When selling to you, the dealer can inflate its ask price and then stack additional premiums on top. When buying from you, the dealer can suppress the bid price to pay you less for your metals.
Some companies make things even less transparent by displaying only one “spot” number on their website. That number is often the ask price, not the bid price. The actual bid price, which determines what you will receive when selling, may not be shown at all unless you specifically ask for it.
“The actual bid price may not be shown at all unless you specifically ask for it.”
The question most sellers never think to ask
Why Comparison Shopping Has Become Difficult
If Dealer A advertises a 5% premium and Dealer B advertises a 4% premium, those numbers are meaningless unless both dealers are using the same underlying spot price. If each company is using its own version of spot price, adjusted in its favor to different degrees, you are not comparing equivalent numbers.
The premium may look lower while the actual total cost is higher. Without a common reference point, the comparison becomes misleading.
How to Properly Compare Precious Metals Dealers
Before buying or selling with any dealer, ask one direct question:
“What bid price and ask price are you currently using for spot?”
While speaking with them, have Kitco.com open on your screen and compare the dealer’s numbers to Kitco’s live bid and ask prices. Do this with every dealer you are considering.

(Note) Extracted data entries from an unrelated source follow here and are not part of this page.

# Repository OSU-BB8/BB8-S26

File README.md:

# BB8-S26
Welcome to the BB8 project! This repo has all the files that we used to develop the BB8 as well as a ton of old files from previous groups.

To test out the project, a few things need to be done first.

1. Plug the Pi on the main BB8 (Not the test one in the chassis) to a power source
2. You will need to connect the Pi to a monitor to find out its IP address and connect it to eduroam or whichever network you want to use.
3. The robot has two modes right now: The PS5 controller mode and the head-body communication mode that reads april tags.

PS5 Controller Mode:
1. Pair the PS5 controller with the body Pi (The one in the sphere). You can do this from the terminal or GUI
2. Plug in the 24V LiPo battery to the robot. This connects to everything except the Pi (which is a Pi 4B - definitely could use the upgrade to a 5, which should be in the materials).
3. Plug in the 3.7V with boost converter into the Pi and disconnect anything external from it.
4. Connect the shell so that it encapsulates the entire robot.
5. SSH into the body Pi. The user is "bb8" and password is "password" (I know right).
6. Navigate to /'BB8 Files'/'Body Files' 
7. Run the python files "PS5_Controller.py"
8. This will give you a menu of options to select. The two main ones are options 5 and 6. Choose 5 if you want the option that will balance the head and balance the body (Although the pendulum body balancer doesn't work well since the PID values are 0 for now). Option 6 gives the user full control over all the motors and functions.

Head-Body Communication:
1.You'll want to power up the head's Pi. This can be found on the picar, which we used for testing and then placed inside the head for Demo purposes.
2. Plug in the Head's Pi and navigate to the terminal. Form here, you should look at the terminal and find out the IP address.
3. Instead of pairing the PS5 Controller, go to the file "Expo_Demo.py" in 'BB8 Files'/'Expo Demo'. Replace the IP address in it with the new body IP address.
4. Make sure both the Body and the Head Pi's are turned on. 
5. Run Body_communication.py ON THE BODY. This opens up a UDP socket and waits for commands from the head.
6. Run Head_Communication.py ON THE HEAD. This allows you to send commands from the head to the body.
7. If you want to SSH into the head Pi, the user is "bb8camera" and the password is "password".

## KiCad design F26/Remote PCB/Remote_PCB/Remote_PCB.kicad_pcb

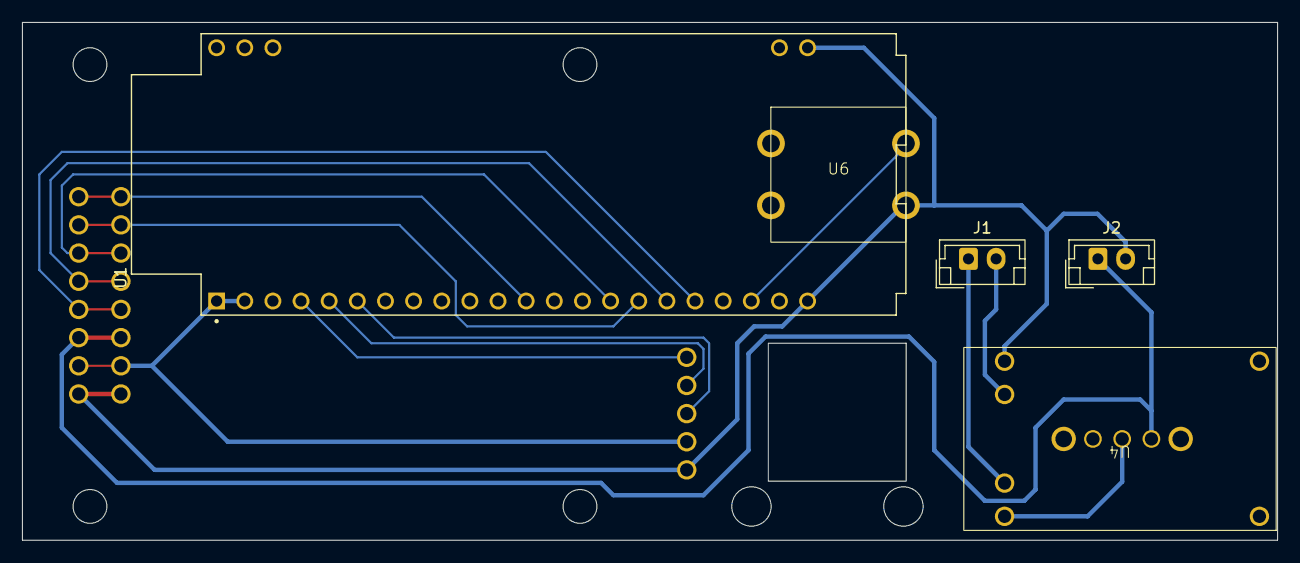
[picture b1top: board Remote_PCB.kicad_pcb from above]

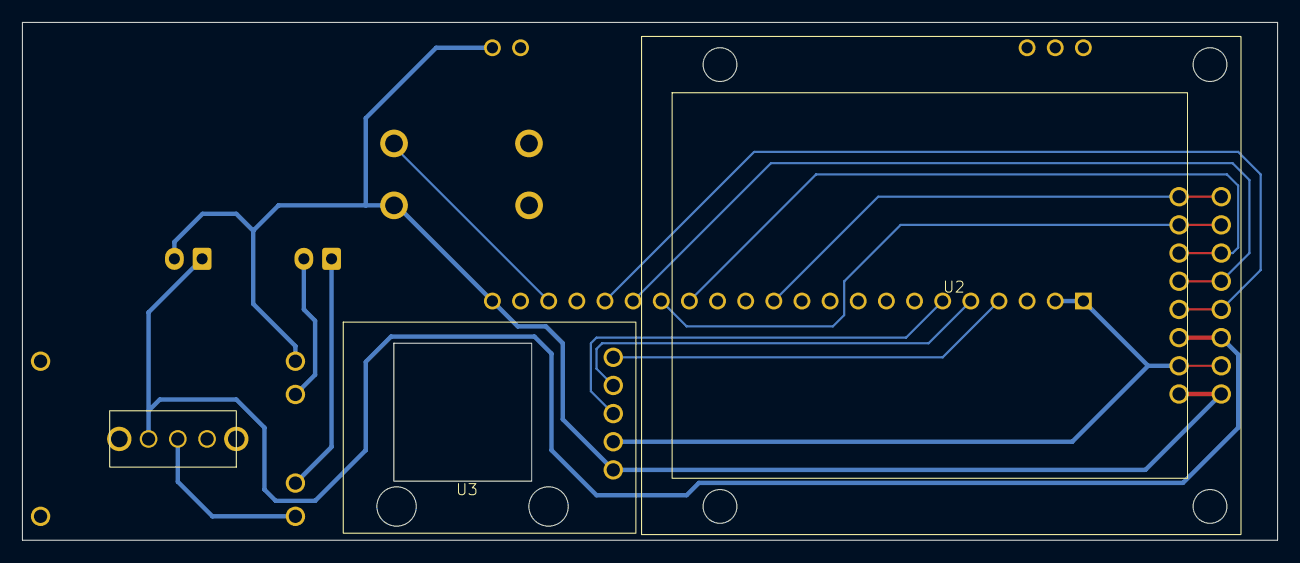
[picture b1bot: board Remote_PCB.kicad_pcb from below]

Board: 2 copper layers, 113.3 x 46.7 mm, 8 parts (3 on the bottom side), 15 nets.

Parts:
J1, J2: B2B-XH-A; JST_EH_B2B-EH-A_1x02_P2.50mm_Vertical
SW1: SW_Nidec_CAS-120A1; Button_Switch_SMDNidec_Copal_CAS-120A
U1: MODULE_ESP32-S2-DEVKITC-1
U2: 1.8 TFT MODULE
U3: Rotary Encoder
U4: Battery Module
U6: Button

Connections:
unnamed: J2.1, SW1.3 (A), U2.6 (VCC)
unnamed: SW1.2 (B), U4.3 (OUT+)
unnamed: U1.4 (GPIO4), U3.1 (CLK)
unnamed: U1.5 (GPIO5), U3.2 (DT)
unnamed: U1.6 (GPIO6), U3.3 (SW)
unnamed: U1.12 (GPIO8), U2.1 (RST)
unnamed: U1.15 (GPIO9), U2.3 (D/C)
unnamed: U1.16 (GPIO10), U2.2 (CS)
unnamed: U1.17 (GPIO11), U2.4 (DIN)
unnamed: U1.18 (GPIO12), U2.5 (CLK)
unnamed: U1.20 (GPIO14), U6.1 (L1)
unnamed: U1.1 (3V3), U1.2 (3V3), U2.7 (BL), U3.4 (+)
unnamed: J2.2, U1.22 (GND), U1.23 (GND), U2.8 (GND), U3.5 (GND), U4.6 (OUT-), U6.2 (L2)
unnamed: J1.1, U4.4 (B+)
unnamed: J1.2, U4.5 (B-)

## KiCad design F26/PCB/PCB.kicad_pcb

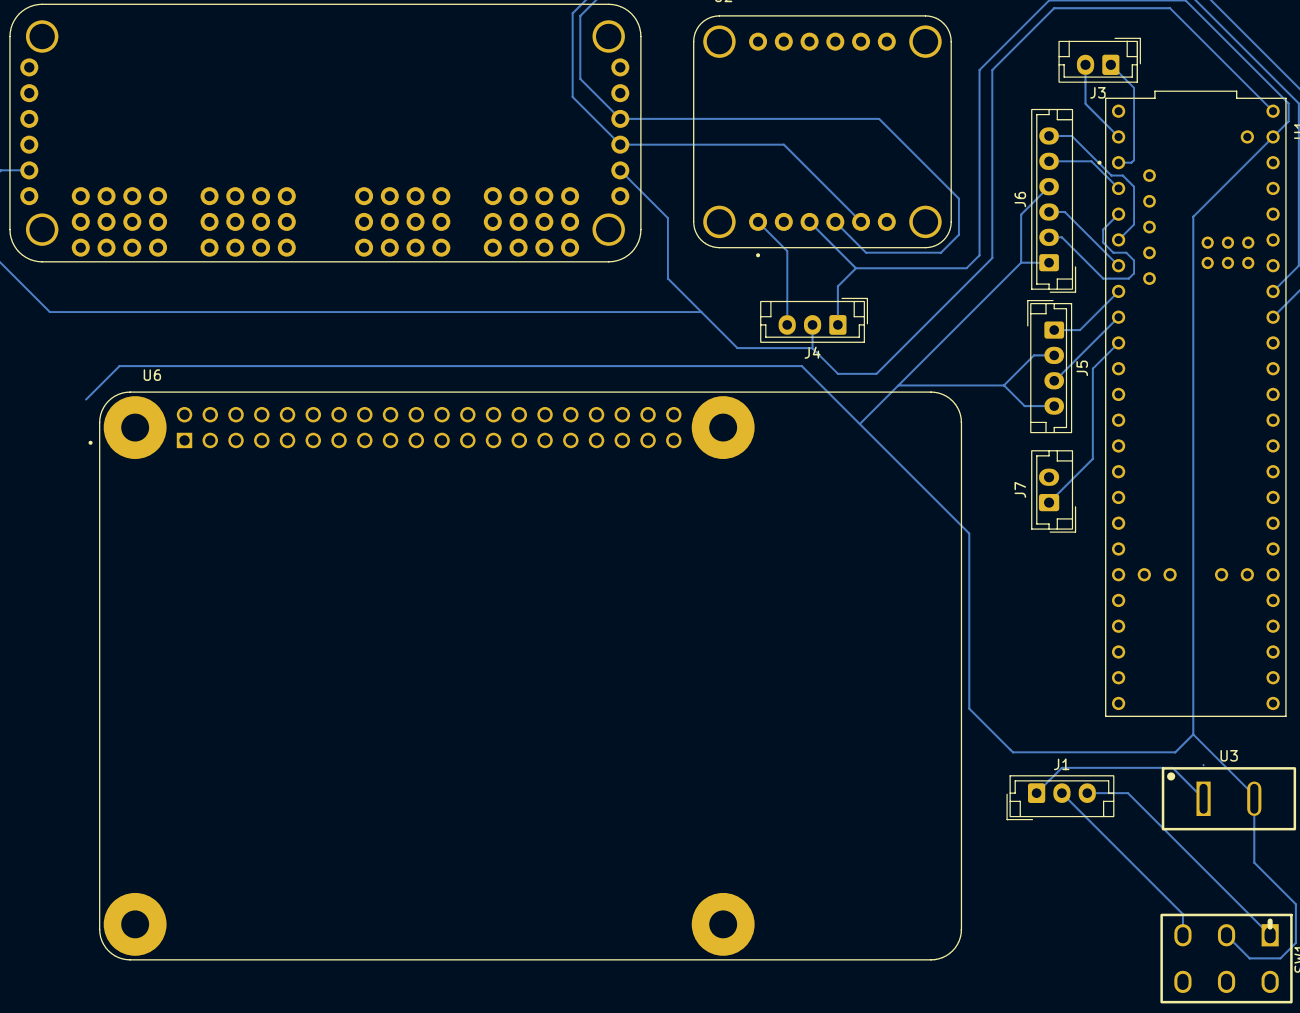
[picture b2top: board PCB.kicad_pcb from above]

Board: 2 copper layers, 12 parts (0 on the bottom side), 23 nets.

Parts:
J1, J4: B3B-XH-A; JST_EH_B3B-EH-A_1x03_P2.50mm_Vertical
J3: B2B-XH-A; JST_EH_B2B-EH-A_1x02_P2.50mm_Vertical
J5: Conn_01x04; JST_EH_B4B-EH-A_1x04_P2.50mm_Vertical
J6: Conn_01x06; JST_EH_B6B-EH-A_1x06_P2.50mm_Vertical
J7: Conn_01x02; JST_EH_B2B-EH-A_1x02_P2.50mm_Vertical
SW1: SW_Nidec_CAS-120A1; Mini_Toggle_DPDT_4.3x4.6mm
U1: Teensy
U2: MODULE_BNO085
U3: Switch_2Pin_5mm_ParallelBlades
U4: 815; MODULE_PCA9685
U6: SC0194_9_; MODULE_SC0194_9_

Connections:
3V3: U6.1 (3V3), U6.17 (3V3)
5V0: U6.2 (5V0), U6.4 (5V0)
GND: U4.GND_1 (GND), U4.GND_2 (GND), U4.GND_3 (GND), U4.GND_4 (GND), U4.GND_5 (GND), U4.GND_6 (GND), U4.GND_7 (GND), U4.GND_8 (GND), U4.GND_9 (GND), U4.GND_10 (GND), U4.GND_11 (GND), U4.GND_12 (GND), U4.GND_13 (GND), U4.GND_14 (GND), U4.GND_15 (GND), U4.GND_16 (GND), U4.GND_17 (GND), U4.GND_18 (GND), U6.6 (GND), U6.9 (GND), U6.14 (GND), U6.20 (GND), U6.25 (GND), U6.30 (GND), U6.34 (GND), U6.39 (GND)
unnamed: J1.1, U3.1
unnamed: J5.1, U1.6 (OUT1D)
unnamed: J4.1, J5.2, J5.4, J6.1, J6.4, SW1.2 (B), U1.GND, U2.3 (GND), U3.2
unnamed: J5.3, U1.7 (OUT1A)
unnamed: J6.2, U1.3 (LRCLK2)
unnamed: J6.3, U1.5 (IN2)
unnamed: J6.5, U1.2 (OUT2)
unnamed: J6.6, U1.4 (BCLK2)
unnamed: J7.1 (Pin_1_1), U1.8 (IN1)
unnamed: J1.2, SW1.3 (A)
unnamed: J1.3, SW1.1 (C)
unnamed: U1.18 (A4), U2.5 (SDA), U4.SDA_1 (SDA), U4.SDA_2 (SDA)
unnamed: U1.19 (A5), U2.4 (SCL), U4.SCL_1 (SCL), U4.SCL_2 (SCL)
unnamed: J3.2, U1.0 (RX1)
unnamed: J3.1, U1.1 (TX1)
unnamed: J4.3, U2.1 (VIN)
unnamed: U4.OE_1 (~OE), U4.OE_2 (~OE)
SHIELD: U6.S1 (SHIELD), U6.S2 (SHIELD), U6.S3 (SHIELD), U6.S4 (SHIELD)
V+: U4.V+_1 (V+), U4.V+_2 (V+), U4.V+_3 (V+), U4.V+_4 (V+), U4.V+_5 (V+), U4.V+_6 (V+), U4.V+_7 (V+), U4.V+_8 (V+), U4.V+_9 (V+), U4.V+_10 (V+), U4.V+_11 (V+), U4.V+_12 (V+), U4.V+_13 (V+), U4.V+_14 (V+), U4.V+_15 (V+), U4.V+_16 (V+), U4.V+_17 (V+), U4.V+_18 (V+)
VCC: J4.2, U1.Vin, U4.VCC_1 (VCC), U4.VCC_2 (VCC)

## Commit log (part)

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2026-04-30 Import of all pertinent files from the S26 semester.
2026-04-30 Folder Reorganizations.
2026-04-30 Added Electrical Flowchart
2026-04-30 Update hardcoded Body Pi IP address
2026-04-30 Enhance README with setup and usage instructions
    Expanded README with detailed setup instructions for BB8 project, including PS5 controller mode and head-body communication mode.
2026-05-04 Add guide to the archive directory
2026-05-04 Update Guide with additional information
2026-05-04 Revise guide text for directory clarity
    Updated the description of the directory and removed obsolete information.
2026-05-04 Create guide for directory contents
    Added a guide explaining the contents of the directory.
2026-05-04 Add guide for files in Body Files directory
    Added a guide explaining the purpose of files in the directory, including Body_Communication, Dead_Reckoning, IMU, Movement_Functions, PID, and PS5_Controller.
2026-05-04 Rename Guide to Guide.md
2026-05-04 Create Guide.md file
2026-05-04 Update guide formatting and content
2026-05-04 Update README with head-body communication steps
    Reordered steps for head-body communication and added details.
2026-05-04 Change SSH user for body Pi and add head Pi SSH info
    Updated SSH user for body Pi and added SSH details for head Pi.

- How closely their prices track the live Kitco market
- Whether their spread is significantly wider than Kitco’s
- Whether they clearly disclose both bid and ask prices
- How their pricing compares across all dealers you contact
Once you understand how each dealer’s pricing differs from an independent benchmark, you can finally evaluate premiums and payouts on equal footing. Without that step, you are comparing numbers that do not share the same baseline.
For a complete list of questions to ask before visiting any dealer, read our guide: How to Get a Real Phone Quote Before You Sell Your Gold and Silver Coins or Bars
One More Step Before You Ship Your Metals
If you are selling coins or bars to a dealer, prepare a detailed description of your items beforehand, including the specific coins or bars, quantity, weight, and condition. Then ask a simple but critical question:
“After all fees, spreads, and deductions, what is my exact dollar payout for these items?”
- Get an actual dollar figure, not a percentage or formula
- A firm number committed to before anything leaves your hands
- Take high-resolution photos of every item before shipping
- Record video of yourself packing and sealing the box
- Documentation protects you if there is ever a dispute
The precious metals market should be straightforward, but increasingly, pricing practices are making it harder for consumers to know whether they are getting a fair deal. The solution is simple: slow down, verify the dealer’s spot price against an independent benchmark, and insist on clear payout numbers before committing to a transaction.
A few extra minutes of due diligence can save you hundreds or even thousands of dollars.